Friday, November 18, 2005

If you can't say anything nice . . .

Often, it's true that this blog is a rogues' gallery of regrettable or unintentionally humorous things found on government websites. But I also want to pay tribute to some good government sites that serve citizens relatively well and follow many of the principles of information design presented by Edward Tufte.

So here are my Top Ten. (And I'm certainly not going to put the confusing official portal anywhere on my list or the Social Security website, which is a nightmare for navigation.)

1. Factfinder from the The U.S. Census Bureau

A researcher's dream! Easy to use and designed for a variety of potential queries, this site exemplifies how information can also resist easy interpretation, as its section on "data sets" acknowledges.

2. National Aeronautics and Space Administration (NASA)

Despite its stupid new "Astronaut Flight Lounge" Flash opening, this site still can't be beat for luscious satellite photos and rover cam shots.

3. United States Geological Survey

Sure, Google Earth is cool, and I've been known to spend hours travelling to Kabul and Pyongyang with it. But your tax dollars bring you this pretty neat, although somewhat buggy tool as well. Check out the Map Viewer. Fun for looking at recent earthquakes and volcanic activity, while you are at it.

4. The Internal Revenue Service

Okay, nobody likes to pay taxes, but this site is a model for what Jane Fountain has argued was the first priority for creating the Virtual State: access to downloadable forms.

5. The FBI's Freedom of Information Act Electronic Reading Room

A great source of information about the suspect character of public figures from Gracie Allen to Richard Wright. I have used Bertolt Brecht's file in my own research and have found it invaluable from the standpoint of reception theory.

6. The Library of Congress

This is is site I've criticized before. And their glorification of Coca Cola advertisements or Yankees posters doesn't make it any easier for me to grapple with obvious gaps in the historical record of American Memory (like the McCarthy era). But this is a site that I use all the time in teaching students to find interesting visual materials, so it still makes it into my top ten. There is also a lot of good information on legislative history from THOMAS, but it is so arbitrarily organized as to be almost unreadable.

7. The National Archives

A good site for high quality photographic facsimiles of significant American documents. This site is also greatly improved by regular updating. (For example, today the site features new documents in Samuel A. Alito's Supreme Court Nomination.)

8. The Supreme Court

It's a modest site, but it presents information well. Legal terms and procedures are explained. Documents are presented in a logical fashion. Even the architectural details of the building are elaborated upon. The Senate has a comparatively incoherent site, although the gallery of busts of Vice Presidents is worth a visit.

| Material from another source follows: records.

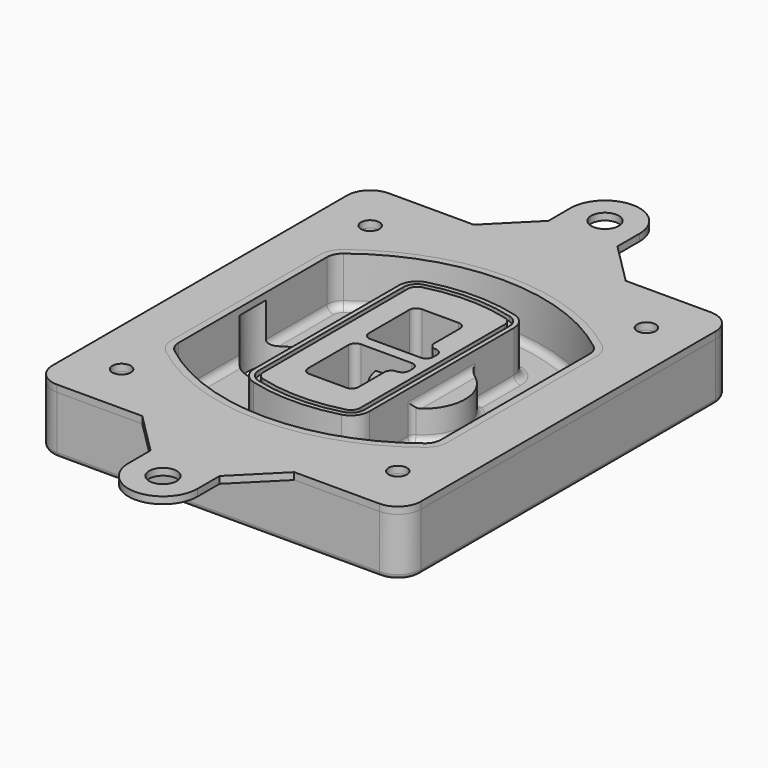
from build123d import *

# Parameters (mm, degrees)
F0_R      = 4
F1_DEPTH  = 25
F2_DEPTH  = 3
F3_DEPTH  = 18
F5_DEPTH  = 21
F6_DEPTH  = 2
F8_DEPTH  = 20
F9_DEPTH  = 16
F10_DEPTH = 25
F7_R      = 6
F7_R_2    = 4
F11_DEPTH = 6
F13_DEPTH = 9
F14_R     = 3
F15_R     = 2
F16_R     = 6
F16_R_2   = 4
F17_DEPTH = 3


# Not quite as in the source:
# - a feature names something its author has since deleted; it is built from what else it names


with BuildPart() as f1:
    # F0 (on Top) → F1 (new body)
    with BuildSketch(Plane.XY):
        with BuildLine():
            ThreePointArc((-80, -80), (-77.0710678119, -87.0710678119), (-70, -90))
            Line((-70, -90), (70, -90))
            ThreePointArc((70, -90), (77.0710678119, -87.0710678119), (80, -80))
            Line((80, -80), (80, 80))
            ThreePointArc((80, 80), (77.0710678119, 87.0710678119), (70, 90))
            Line((70, 90), (-70, 90))
            ThreePointArc((-70, 90), (-77.0710678119, 87.0710678119), (-80, 80))
            Line((-80, 80), (-80, -80))
        make_face()
        with Locations((-60, -67.5)):
            Circle(F0_R, mode=Mode.SUBTRACT)
        with Locations((60, -67.5)):
            Circle(F0_R, mode=Mode.SUBTRACT)
        with Locations((-60, 67.5)):
            Circle(F0_R, mode=Mode.SUBTRACT)
        with BuildLine():
            ThreePointArc((-64, 40.2934422872), (-62.5820384798, 46.4328484224), (-58.6153846154, 51.3286200352))
            ThreePointArc((-58.6153846154, 51.3286200352), (0, 71.5), (58.6153846154, 51.3286200352))
            ThreePointArc((58.6153846154, 51.3286200352), (62.5820384798, 46.4328484224), (64, 40.2934422872))
            Line((64, 40.2934422872), (64, -40.2934422872))
            ThreePointArc((64, -40.2934422872), (62.5820384798, -46.4328484224), (58.6153846154, -51.3286200352))
            ThreePointArc((58.6153846154, -51.3286200352), (0, -71.5), (-58.6153846154, -51.3286200352))
            ThreePointArc((-58.6153846154, -51.3286200352), (-62.5820384798, -46.4328484224), (-64, -40.2934422872))
            Line((-64, -40.2934422872), (-64, 40.2934422872))
        make_face(mode=Mode.SUBTRACT)
        with Locations((60, 67.5)):
            Circle(F0_R, mode=Mode.SUBTRACT)
        with BuildLine():
            ThreePointArc((58.6153846154, 51.3286200352), (0, 71.5), (-58.6153846154, 51.3286200352))
            ThreePointArc((-58.6153846154, 51.3286200352), (-62.5820384798, 46.4328484224), (-64, 40.2934422872))
            Line((-64, 40.2934422872), (-64, -40.2934422872))
            ThreePointArc((-64, -40.2934422872), (-62.5820384798, -46.4328484224), (-58.6153846154, -51.3286200352))
            ThreePointArc((-58.6153846154, -51.3286200352), (0, -71.5), (58.6153846154, -51.3286200352))
            ThreePointArc((58.6153846154, -51.3286200352), (62.5820384798, -46.4328484224), (64, -40.2934422872))
            Line((64, -40.2934422872), (64, 40.2934422872))
            ThreePointArc((64, 40.2934422872), (62.5820384798, 46.4328484224), (58.6153846154, 51.3286200352))
        make_face()
        with BuildLine():
            Line((-60, -40.2934422872), (-60, 40.2934422872))
            ThreePointArc((-60, 40.2934422872), (-58.9871703427, 44.6787323838), (-56.1538461538, 48.1757121072))
            ThreePointArc((-56.1538461538, 48.1757121072), (0, 67.5), (56.1538461538, 48.1757121072))
            ThreePointArc((56.1538461538, 48.1757121072), (58.9871703427, 44.6787323838), (60, 40.2934422872))
            Line((60, 40.2934422872), (60, -40.2934422872))
            ThreePointArc((60, -40.2934422872), (58.9871703427, -44.6787323838), (56.1538461538, -48.1757121072))
            ThreePointArc((56.1538461538, -48.1757121072), (0, -67.5), (-56.1538461538, -48.1757121072))
            ThreePointArc((-56.1538461538, -48.1757121072), (-58.9871703427, -44.6787323838), (-60, -40.2934422872))
        make_face(mode=Mode.SUBTRACT)
        with BuildLine():
            ThreePointArc((-56.1538461538, 48.1757121072), (-58.9871703427, 44.6787323838), (-60, 40.2934422872))
            Line((-60, 40.2934422872), (-60, -40.2934422872))
            ThreePointArc((-60, -40.2934422872), (-58.9871703427, -44.6787323838), (-56.1538461538, -48.1757121072))
            ThreePointArc((-56.1538461538, -48.1757121072), (0, -67.5), (56.1538461538, -48.1757121072))
            ThreePointArc((56.1538461538, -48.1757121072), (58.9871703427, -44.6787323838), (60, -40.2934422872))
            Line((60, -40.2934422872), (60, 40.2934422872))
            ThreePointArc((60, 40.2934422872), (58.9871703427, 44.6787323838), (56.1538461538, 48.1757121072))
            ThreePointArc((56.1538461538, 48.1757121072), (0, 67.5), (-56.1538461538, 48.1757121072))
        make_face()
        with BuildLine():
            ThreePointArc((54.3076923077, 45.8110311612), (56.2910192399, 43.3631453548), (57, 40.2934422872))
            Line((57, 40.2934422872), (57, -40.2934422872))
            ThreePointArc((57, -40.2934422872), (56.2910192399, -43.3631453548), (54.3076923077, -45.8110311612))
            ThreePointArc((54.3076923077, -45.8110311612), (0, -64.5), (-54.3076923077, -45.8110311612))
            ThreePointArc((-54.3076923077, -45.8110311612), (-56.2910192399, -43.3631453548), (-57, -40.2934422872))
            Line((-57, -40.2934422872), (-57, 40.2934422872))
            ThreePointArc((-57, 40.2934422872), (-56.2910192399, 43.3631453548), (-54.3076923077, 45.8110311612))
            ThreePointArc((-54.3076923077, 45.8110311612), (0, 64.5), (54.3076923077, 45.8110311612))
        make_face(mode=Mode.SUBTRACT)
        with BuildLine():
            Line((57, -40.2934422872), (57, 40.2934422872))
            ThreePointArc((57, 40.2934422872), (56.2910192399, 43.3631453548), (54.3076923077, 45.8110311612))
            ThreePointArc((54.3076923077, 45.8110311612), (0, 64.5), (-54.3076923077, 45.8110311612))
            ThreePointArc((-54.3076923077, 45.8110311612), (-56.2910192399, 43.3631453548), (-57, 40.2934422872))
            Line((-57, 40.2934422872), (-57, -40.2934422872))
            ThreePointArc((-57, -40.2934422872), (-56.2910192399, -43.3631453548), (-54.3076923077, -45.8110311612))
            ThreePointArc((-54.3076923077, -45.8110311612), (0, -64.5), (54.3076923077, -45.8110311612))
            ThreePointArc((54.3076923077, -45.8110311612), (56.2910192399, -43.3631453548), (57, -40.2934422872))
        make_face()
    extrude(amount=-F1_DEPTH)

    # F0 (on Top) → F2 (join)
    with BuildSketch(Plane.XY):
        with BuildLine():
            ThreePointArc((-56.1538461538, 48.1757121072), (-58.9871703427, 44.6787323838), (-60, 40.2934422872))
            Line((-60, 40.2934422872), (-60, -40.2934422872))
            ThreePointArc((-60, -40.2934422872), (-58.9871703427, -44.6787323838), (-56.1538461538, -48.1757121072))
            ThreePointArc((-56.1538461538, -48.1757121072), (0, -67.5), (56.1538461538, -48.1757121072))
            ThreePointArc((56.1538461538, -48.1757121072), (58.9871703427, -44.6787323838), (60, -40.2934422872))
            Line((60, -40.2934422872), (60, 40.2934422872))
            ThreePointArc((60, 40.2934422872), (58.9871703427, 44.6787323838), (56.1538461538, 48.1757121072))
            ThreePointArc((56.1538461538, 48.1757121072), (0, 67.5), (-56.1538461538, 48.1757121072))
        make_face()
        with BuildLine():
            ThreePointArc((54.3076923077, 45.8110311612), (56.2910192399, 43.3631453548), (57, 40.2934422872))
            Line((57, 40.2934422872), (57, -40.2934422872))
            ThreePointArc((57, -40.2934422872), (56.2910192399, -43.3631453548), (54.3076923077, -45.8110311612))
            ThreePointArc((54.3076923077, -45.8110311612), (0, -64.5), (-54.3076923077, -45.8110311612))
            ThreePointArc((-54.3076923077, -45.8110311612), (-56.2910192399, -43.3631453548), (-57, -40.2934422872))
            Line((-57, -40.2934422872), (-57, 40.2934422872))
            ThreePointArc((-57, 40.2934422872), (-56.2910192399, 43.3631453548), (-54.3076923077, 45.8110311612))
            ThreePointArc((-54.3076923077, 45.8110311612), (0, 64.5), (54.3076923077, 45.8110311612))
        make_face(mode=Mode.SUBTRACT)
    extrude(amount=F2_DEPTH)

    # F0 (on Top) → F3 (cut)
    with BuildSketch(Plane.XY):
        with BuildLine():
            Line((57, -40.2934422872), (57, 40.2934422872))
            ThreePointArc((57, 40.2934422872), (56.2910192399, 43.3631453548), (54.3076923077, 45.8110311612))
            ThreePointArc((54.3076923077, 45.8110311612), (0, 64.5), (-54.3076923077, 45.8110311612))
            ThreePointArc((-54.3076923077, 45.8110311612), (-56.2910192399, 43.3631453548), (-57, 40.2934422872))
            Line((-57, 40.2934422872), (-57, -40.2934422872))
            ThreePointArc((-57, -40.2934422872), (-56.2910192399, -43.3631453548), (-54.3076923077, -45.8110311612))
            ThreePointArc((-54.3076923077, -45.8110311612), (0, -64.5), (54.3076923077, -45.8110311612))
            ThreePointArc((54.3076923077, -45.8110311612), (56.2910192399, -43.3631453548), (57, -40.2934422872))
        make_face()
    extrude(amount=-F3_DEPTH, mode=Mode.SUBTRACT)

    # F4 (on face) → F5 (join, through all)
    with BuildSketch(Plane.XY.offset(3)):
        with BuildLine():
            ThreePointArc((-25, -39.2465276821), (-23.3511545998, -44.1109737193), (-19.0842911877, -46.9702398883))
            ThreePointArc((-19.0842911877, -46.9702398883), (0, -49.5), (19.0842911877, -46.9702398883))
            ThreePointArc((19.0842911877, -46.9702398883), (23.3511545998, -44.1109737193), (25, -39.2465276821))
            Line((25, -39.2465276821), (25, 39.2465276821))
            ThreePointArc((25, 39.2465276821), (23.3511545998, 44.1109737193), (19.0842911877, 46.9702398883))
            ThreePointArc((19.0842911877, 46.9702398883), (0, 49.5), (-19.0842911877, 46.9702398883))
            ThreePointArc((-19.0842911877, 46.9702398883), (-23.3511545998, 44.1109737193), (-25, 39.2465276821))
            Line((-25, 39.2465276821), (-25, -39.2465276821))
        make_face()
        with BuildLine():
            ThreePointArc((18.5632183908, 45.0393118368), (21.7633659499, 42.89486221), (23, 39.2465276821))
            Line((23, 39.2465276821), (23, -39.2465276821))
            ThreePointArc((23, -39.2465276821), (21.7633659499, -42.89486221), (18.5632183908, -45.0393118368))
            ThreePointArc((18.5632183908, -45.0393118368), (0, -47.5), (-18.5632183908, -45.0393118368))
            ThreePointArc((-18.5632183908, -45.0393118368), (-21.7633659499, -42.89486221), (-23, -39.2465276821))
            Line((-23, -39.2465276821), (-23, 39.2465276821))
            ThreePointArc((-23, 39.2465276821), (-21.7633659499, 42.89486221), (-18.5632183908, 45.0393118368))
            ThreePointArc((-18.5632183908, 45.0393118368), (0, 47.5), (18.5632183908, 45.0393118368))
        make_face(mode=Mode.SUBTRACT)
        with BuildLine():
            Line((23, -39.2465276821), (23, 39.2465276821))
            ThreePointArc((23, 39.2465276821), (21.7633659499, 42.89486221), (18.5632183908, 45.0393118368))
            ThreePointArc((18.5632183908, 45.0393118368), (0, 47.5), (-18.5632183908, 45.0393118368))
            ThreePointArc((-18.5632183908, 45.0393118368), (-21.7633659499, 42.89486221), (-23, 39.2465276821))
            Line((-23, 39.2465276821), (-23, -39.2465276821))
            ThreePointArc((-23, -39.2465276821), (-21.7633659499, -42.89486221), (-18.5632183908, -45.0393118368))
            ThreePointArc((-18.5632183908, -45.0393118368), (0, -47.5), (18.5632183908, -45.0393118368))
            ThreePointArc((18.5632183908, -45.0393118368), (21.7633659499, -42.89486221), (23, -39.2465276821))
        make_face()
        with BuildLine():
            ThreePointArc((18.0421455939, 43.1083837852), (20.1755772999, 41.6787507007), (21, 39.2465276821))
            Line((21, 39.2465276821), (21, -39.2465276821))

9. Occupational Safety and Health Administration (OSHA)

Although it's not as apparent how to file complaints or blow the whistle on government malfeasance as it should be, at least this site allows people to report safety and health hazards online with some degree of anonymity. (It's easier to find out where to submit a crime tip on the FBI site, but it's not anonymous, which is understandable, given the number of crackpot leads.) Much of this site, like the site from the Department of Labor, still relies on traditional handbooks as modes for distributing information.

10. The National Science Foundation (NSF), The National Endowment for the Humanities (NEH), The National Endowment for the Arts (NEA), and other government funded agencies that support knowledge-building

As sources to locate research funds, government websites also serve an important purpose. So these all tie for 10th place.

(After you are done with this list, you may also want to compare our government to other governments in the world.)